At 1500pts I always field this guy:

Epistolary
Bike
Fury Of The Ancients
Bolt Pistol
Frags
150pts

Nice and cheap way of getting a force weapon and pychic hood on to the table and with fury to pick on multiple Indrect targets like Tau suits, Basilisks, speeders, vehilce side armour etc he always makes his point back.
Tactics wise I'll usually deploy him on my back lines with my preds and tac squads enabling him to stay protected (closest model) and snipe from afar. Also when needed If anything gets past my DC and hits my back lines he can always chip In with his 5 ST5 force attacks! :twisted:
Suppose If you want to 'bling out' on a Librarian you could always go with the following set-up:

Epistolary
Bike
Veil Of Time / Fear Of The Darkness
Iron Halo
Artificer Armour
Terminator Honours
Bolt Pistol
Frags
220pts?
Can always turbo along with that 2+* Inv save to get him Into position then hit out with 6 attacks re-rolling EVERYTHING! or Just fear the hell out of an army from behind cover! :shock:


----------



## uberschveinen (Dec 29, 2006)

And then experience the endless joys of having him hit by a meltagun before he can assault, leaving the opponent 210 points up on his investment.


----------



## Lord Sinkoran (Dec 23, 2006)

I adore libraians they are great give one might of heroes and you've got your self a combat monster. I personlay use one all the time atm hes kiled 5!!!!!!carnifexs single handedly


----------



## Elchimpster (Jan 31, 2007)

uberschveinen said:


> And then experience the endless joys of having him hit by a meltagun before he can assault, leaving the opponent 210 points up on his investment.
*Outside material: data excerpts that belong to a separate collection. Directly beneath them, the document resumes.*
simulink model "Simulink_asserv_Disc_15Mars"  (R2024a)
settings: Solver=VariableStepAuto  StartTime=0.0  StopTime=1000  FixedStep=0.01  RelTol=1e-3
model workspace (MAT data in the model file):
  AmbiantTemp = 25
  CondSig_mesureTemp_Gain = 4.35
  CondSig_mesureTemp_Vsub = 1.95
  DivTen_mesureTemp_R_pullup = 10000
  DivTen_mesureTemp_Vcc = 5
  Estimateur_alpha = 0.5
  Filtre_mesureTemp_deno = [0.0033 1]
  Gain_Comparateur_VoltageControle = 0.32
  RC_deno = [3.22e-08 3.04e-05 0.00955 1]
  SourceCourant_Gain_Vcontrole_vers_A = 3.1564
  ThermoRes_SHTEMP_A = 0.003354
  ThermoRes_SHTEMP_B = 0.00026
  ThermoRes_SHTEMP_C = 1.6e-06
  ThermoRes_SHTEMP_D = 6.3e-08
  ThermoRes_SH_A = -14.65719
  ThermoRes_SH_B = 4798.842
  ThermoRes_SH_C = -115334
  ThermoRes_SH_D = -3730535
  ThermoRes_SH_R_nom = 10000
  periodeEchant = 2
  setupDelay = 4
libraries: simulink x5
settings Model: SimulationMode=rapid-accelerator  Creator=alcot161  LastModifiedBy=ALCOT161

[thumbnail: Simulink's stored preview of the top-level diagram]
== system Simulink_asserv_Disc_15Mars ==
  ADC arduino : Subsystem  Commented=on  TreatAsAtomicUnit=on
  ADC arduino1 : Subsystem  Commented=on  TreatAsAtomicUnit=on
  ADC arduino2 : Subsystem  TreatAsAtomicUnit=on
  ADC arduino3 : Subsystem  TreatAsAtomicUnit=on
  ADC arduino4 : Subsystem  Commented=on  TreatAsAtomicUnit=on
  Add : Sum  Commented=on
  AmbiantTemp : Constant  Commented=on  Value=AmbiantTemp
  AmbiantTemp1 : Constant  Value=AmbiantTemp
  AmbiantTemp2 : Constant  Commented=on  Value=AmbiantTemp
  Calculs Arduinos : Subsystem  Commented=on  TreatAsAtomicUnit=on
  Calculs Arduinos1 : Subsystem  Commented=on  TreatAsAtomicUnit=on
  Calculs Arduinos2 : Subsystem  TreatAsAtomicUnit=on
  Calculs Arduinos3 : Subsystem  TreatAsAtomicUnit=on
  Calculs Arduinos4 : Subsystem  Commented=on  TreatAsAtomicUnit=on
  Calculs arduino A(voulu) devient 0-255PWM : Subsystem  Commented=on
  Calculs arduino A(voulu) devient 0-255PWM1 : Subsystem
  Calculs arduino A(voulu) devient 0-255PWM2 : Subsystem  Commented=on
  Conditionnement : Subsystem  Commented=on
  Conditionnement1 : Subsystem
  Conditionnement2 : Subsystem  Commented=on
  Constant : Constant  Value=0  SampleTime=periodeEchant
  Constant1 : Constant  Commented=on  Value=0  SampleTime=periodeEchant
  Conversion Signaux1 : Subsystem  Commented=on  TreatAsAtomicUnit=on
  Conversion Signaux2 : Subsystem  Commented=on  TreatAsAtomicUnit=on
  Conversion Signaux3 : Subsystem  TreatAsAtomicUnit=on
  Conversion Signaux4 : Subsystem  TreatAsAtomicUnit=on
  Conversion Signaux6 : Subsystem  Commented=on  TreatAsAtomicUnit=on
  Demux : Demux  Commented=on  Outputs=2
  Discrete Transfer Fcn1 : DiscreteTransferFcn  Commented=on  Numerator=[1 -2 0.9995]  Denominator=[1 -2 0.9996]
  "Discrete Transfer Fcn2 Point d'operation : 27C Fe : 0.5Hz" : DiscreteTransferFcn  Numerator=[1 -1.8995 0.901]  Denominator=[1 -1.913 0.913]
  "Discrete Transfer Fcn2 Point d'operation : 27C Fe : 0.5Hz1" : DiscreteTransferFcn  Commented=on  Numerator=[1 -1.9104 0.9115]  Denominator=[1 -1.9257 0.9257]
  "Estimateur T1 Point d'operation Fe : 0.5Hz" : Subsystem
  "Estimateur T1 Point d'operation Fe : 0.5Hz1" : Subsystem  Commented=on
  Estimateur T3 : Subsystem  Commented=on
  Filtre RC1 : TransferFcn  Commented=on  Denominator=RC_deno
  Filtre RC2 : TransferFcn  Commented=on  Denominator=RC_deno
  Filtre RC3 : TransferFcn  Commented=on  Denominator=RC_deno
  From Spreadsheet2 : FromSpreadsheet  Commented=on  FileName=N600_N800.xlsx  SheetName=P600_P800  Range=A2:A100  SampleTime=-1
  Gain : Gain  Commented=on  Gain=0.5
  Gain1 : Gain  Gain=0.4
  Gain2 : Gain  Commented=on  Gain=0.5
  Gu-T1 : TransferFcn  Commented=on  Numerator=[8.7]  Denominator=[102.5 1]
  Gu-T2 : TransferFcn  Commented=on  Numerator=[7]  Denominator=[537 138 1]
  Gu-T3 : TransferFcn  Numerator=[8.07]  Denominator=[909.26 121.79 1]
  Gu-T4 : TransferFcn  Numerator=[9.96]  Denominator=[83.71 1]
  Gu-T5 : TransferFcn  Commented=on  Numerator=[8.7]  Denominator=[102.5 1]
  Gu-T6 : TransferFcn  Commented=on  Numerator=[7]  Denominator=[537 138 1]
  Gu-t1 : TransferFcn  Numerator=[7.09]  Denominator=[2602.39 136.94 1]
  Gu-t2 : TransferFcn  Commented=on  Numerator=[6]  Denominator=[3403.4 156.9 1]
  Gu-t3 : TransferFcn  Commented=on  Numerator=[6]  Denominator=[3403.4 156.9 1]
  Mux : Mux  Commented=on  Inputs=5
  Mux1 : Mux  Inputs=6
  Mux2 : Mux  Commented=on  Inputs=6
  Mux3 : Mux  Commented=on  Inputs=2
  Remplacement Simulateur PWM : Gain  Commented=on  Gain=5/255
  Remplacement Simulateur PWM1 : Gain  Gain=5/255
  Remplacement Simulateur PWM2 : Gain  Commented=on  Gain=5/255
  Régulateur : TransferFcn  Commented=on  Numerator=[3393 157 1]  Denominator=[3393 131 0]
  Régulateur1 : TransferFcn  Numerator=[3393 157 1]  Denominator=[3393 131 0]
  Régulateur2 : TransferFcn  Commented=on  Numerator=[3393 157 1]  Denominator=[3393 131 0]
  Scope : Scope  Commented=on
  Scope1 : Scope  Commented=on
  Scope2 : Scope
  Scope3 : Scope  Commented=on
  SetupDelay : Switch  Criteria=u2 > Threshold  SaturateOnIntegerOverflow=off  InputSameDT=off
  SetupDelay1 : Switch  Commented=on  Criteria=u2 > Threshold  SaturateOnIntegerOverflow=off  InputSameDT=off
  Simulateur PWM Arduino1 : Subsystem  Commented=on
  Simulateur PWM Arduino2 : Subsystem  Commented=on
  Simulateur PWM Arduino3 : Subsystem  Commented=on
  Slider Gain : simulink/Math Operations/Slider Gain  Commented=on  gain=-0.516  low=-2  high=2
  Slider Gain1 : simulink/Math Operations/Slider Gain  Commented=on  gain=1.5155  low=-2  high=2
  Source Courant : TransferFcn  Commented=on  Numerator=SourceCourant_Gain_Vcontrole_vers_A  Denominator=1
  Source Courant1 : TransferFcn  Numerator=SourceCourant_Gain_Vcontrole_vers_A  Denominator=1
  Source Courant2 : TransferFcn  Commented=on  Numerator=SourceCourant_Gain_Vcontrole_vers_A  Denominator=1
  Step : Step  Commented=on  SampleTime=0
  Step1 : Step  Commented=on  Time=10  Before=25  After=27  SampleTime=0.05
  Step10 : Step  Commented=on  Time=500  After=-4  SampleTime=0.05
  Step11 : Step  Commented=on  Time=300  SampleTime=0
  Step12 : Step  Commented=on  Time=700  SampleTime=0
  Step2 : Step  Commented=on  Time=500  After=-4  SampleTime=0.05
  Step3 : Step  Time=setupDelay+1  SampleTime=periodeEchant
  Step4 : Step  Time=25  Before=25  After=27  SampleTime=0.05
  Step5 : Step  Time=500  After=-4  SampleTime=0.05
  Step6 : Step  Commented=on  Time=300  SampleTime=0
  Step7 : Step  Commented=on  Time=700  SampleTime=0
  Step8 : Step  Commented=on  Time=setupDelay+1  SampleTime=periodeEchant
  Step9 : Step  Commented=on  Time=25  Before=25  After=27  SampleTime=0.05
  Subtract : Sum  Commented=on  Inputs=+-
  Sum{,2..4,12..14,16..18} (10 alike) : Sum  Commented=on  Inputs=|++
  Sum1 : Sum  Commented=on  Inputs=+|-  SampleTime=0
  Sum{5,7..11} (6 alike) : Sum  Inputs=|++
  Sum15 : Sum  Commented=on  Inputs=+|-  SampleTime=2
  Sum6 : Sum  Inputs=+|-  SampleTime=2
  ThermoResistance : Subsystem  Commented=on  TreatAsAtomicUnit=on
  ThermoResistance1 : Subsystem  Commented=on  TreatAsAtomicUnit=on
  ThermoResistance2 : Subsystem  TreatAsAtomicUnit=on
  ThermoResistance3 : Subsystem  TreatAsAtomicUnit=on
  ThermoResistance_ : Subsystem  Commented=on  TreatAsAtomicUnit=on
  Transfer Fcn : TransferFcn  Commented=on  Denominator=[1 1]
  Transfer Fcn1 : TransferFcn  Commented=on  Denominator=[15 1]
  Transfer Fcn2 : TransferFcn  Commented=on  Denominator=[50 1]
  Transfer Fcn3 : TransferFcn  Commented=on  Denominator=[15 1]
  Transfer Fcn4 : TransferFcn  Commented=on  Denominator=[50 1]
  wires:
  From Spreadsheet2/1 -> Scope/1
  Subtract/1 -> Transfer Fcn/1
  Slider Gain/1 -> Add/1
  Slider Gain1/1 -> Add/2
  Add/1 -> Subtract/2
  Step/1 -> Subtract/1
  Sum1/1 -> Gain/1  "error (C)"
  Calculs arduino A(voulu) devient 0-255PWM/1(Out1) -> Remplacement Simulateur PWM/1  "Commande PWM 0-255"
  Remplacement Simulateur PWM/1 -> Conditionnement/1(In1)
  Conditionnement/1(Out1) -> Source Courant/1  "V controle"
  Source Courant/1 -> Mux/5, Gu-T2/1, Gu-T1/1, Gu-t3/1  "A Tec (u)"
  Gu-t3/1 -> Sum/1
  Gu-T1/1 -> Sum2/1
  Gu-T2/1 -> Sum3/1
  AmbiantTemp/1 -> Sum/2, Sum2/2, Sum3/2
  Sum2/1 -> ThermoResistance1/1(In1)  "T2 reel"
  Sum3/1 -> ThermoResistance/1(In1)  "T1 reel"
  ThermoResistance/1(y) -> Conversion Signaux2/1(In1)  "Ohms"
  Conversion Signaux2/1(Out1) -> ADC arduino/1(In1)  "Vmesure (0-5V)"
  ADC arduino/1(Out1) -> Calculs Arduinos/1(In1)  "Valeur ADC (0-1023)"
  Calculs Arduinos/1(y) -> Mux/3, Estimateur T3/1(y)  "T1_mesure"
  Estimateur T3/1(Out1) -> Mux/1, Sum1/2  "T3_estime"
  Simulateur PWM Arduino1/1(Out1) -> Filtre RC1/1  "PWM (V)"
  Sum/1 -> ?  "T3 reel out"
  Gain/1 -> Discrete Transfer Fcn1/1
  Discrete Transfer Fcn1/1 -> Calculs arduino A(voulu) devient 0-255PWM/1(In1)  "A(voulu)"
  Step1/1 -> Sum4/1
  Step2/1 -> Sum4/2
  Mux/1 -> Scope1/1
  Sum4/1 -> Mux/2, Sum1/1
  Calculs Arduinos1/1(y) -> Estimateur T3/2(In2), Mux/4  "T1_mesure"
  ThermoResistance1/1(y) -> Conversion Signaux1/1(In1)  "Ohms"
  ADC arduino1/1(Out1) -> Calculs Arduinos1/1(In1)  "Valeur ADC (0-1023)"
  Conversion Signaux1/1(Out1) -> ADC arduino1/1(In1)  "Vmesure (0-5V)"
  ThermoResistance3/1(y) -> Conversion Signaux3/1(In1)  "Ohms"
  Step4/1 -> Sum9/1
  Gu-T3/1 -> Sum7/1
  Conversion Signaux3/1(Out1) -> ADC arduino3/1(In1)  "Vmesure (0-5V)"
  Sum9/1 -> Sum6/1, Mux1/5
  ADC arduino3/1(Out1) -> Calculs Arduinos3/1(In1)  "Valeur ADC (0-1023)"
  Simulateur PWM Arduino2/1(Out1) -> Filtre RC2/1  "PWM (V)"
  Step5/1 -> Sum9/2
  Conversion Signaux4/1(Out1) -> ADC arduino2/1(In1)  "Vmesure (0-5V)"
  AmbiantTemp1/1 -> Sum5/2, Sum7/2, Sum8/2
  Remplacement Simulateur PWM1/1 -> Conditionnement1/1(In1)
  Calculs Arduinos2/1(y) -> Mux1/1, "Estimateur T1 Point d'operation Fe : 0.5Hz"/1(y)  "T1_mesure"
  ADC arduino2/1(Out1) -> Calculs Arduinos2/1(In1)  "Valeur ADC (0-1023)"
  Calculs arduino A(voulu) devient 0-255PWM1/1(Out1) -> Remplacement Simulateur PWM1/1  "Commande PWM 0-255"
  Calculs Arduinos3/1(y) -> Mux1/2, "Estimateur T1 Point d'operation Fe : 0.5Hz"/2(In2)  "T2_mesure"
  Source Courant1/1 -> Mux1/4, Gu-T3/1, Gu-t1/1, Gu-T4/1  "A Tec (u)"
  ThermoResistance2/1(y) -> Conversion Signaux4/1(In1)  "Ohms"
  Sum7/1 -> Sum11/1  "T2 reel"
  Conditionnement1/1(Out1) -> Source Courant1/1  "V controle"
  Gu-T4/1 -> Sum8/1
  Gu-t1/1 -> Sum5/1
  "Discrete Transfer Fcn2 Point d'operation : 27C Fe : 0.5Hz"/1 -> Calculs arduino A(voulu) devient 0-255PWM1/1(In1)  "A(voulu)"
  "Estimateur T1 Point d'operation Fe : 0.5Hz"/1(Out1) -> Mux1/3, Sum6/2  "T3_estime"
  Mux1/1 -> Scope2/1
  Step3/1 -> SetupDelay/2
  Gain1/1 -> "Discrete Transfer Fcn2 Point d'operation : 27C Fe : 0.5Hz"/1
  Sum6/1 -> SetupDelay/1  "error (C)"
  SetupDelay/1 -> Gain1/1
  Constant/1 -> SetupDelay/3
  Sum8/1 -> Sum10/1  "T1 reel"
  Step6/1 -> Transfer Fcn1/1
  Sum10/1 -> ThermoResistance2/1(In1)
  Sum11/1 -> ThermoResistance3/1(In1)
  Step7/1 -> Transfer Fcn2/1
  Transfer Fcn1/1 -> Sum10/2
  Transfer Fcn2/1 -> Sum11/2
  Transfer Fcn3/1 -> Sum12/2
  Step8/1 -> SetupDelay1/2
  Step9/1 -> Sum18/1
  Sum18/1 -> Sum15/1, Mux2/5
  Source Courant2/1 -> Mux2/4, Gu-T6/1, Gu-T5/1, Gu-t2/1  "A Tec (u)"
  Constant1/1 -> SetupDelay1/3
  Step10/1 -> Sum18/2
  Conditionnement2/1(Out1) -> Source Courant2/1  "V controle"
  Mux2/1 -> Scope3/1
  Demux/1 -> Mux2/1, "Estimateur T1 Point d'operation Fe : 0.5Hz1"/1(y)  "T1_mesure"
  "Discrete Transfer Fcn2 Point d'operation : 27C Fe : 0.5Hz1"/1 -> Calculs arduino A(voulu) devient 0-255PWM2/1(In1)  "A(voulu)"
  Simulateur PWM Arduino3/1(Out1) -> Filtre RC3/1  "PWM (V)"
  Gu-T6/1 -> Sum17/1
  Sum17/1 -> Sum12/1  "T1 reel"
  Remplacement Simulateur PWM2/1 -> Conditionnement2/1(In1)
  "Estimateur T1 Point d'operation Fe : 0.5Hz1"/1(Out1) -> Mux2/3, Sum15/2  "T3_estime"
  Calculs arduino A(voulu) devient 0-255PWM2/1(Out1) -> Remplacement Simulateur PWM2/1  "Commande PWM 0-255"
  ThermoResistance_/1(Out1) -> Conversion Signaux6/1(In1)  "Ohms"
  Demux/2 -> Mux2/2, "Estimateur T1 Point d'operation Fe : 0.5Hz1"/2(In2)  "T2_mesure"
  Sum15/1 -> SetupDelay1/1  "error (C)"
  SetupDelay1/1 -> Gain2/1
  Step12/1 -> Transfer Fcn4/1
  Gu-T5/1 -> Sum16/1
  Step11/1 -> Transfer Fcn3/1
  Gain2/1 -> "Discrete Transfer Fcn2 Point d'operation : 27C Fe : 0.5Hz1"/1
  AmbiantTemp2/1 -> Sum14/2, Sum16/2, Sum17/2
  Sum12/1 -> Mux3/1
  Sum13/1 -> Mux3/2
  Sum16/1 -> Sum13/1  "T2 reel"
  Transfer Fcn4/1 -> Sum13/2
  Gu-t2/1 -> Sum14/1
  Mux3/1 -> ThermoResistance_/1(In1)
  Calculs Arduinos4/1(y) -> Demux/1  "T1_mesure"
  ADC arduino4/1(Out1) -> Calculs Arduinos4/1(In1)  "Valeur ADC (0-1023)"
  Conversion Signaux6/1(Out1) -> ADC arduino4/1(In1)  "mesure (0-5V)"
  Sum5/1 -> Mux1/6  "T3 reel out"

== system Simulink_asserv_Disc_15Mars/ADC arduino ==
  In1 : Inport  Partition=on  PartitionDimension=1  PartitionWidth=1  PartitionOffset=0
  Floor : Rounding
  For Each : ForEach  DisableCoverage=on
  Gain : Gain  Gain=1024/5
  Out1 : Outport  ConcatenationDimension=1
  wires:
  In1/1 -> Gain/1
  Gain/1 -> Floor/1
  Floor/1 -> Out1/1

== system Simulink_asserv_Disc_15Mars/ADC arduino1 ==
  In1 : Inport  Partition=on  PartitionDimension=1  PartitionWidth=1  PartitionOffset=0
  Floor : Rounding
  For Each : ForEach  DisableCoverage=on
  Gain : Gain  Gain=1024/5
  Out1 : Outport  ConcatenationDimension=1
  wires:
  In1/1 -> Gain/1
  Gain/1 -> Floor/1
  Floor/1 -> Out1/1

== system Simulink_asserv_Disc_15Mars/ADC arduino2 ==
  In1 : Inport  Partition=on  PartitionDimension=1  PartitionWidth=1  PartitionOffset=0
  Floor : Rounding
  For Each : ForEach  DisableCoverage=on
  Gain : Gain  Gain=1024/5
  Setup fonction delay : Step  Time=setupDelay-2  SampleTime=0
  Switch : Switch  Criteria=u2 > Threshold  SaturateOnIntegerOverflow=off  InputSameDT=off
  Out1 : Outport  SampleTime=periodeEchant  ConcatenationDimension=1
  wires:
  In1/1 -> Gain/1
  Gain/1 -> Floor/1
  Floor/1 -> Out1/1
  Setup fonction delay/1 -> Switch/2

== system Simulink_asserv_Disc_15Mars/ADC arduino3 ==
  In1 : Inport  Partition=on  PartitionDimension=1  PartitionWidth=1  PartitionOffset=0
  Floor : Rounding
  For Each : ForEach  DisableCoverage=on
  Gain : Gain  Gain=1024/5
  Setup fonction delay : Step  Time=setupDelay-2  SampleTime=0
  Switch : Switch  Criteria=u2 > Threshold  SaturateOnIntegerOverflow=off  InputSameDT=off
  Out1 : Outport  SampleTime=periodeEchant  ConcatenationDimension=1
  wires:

Dude, are you ALWAYS this negative?


----------



## LongBeard (Dec 22, 2006)

> And then experience the endless joys of having him hit by a meltagun before he can assault, leaving the opponent 210 points up on his investment.


Considering the Librarian Is going to have a 2+ Inv to get him Into position the likelyness of him getting slapped by a melta gun Is unlikely, add In the fact that he's moving 12-24" a turn outmaneuvering said melta shouldn't prove to be a problem. :roll:


----------



## jigplums (Dec 15, 2006)

yeah sticking a libby on a bike makes all the difference to his survivability.


----------



## LongBeard (Dec 22, 2006)

> yeah sticking a libby on a bike makes all the difference to his survivability.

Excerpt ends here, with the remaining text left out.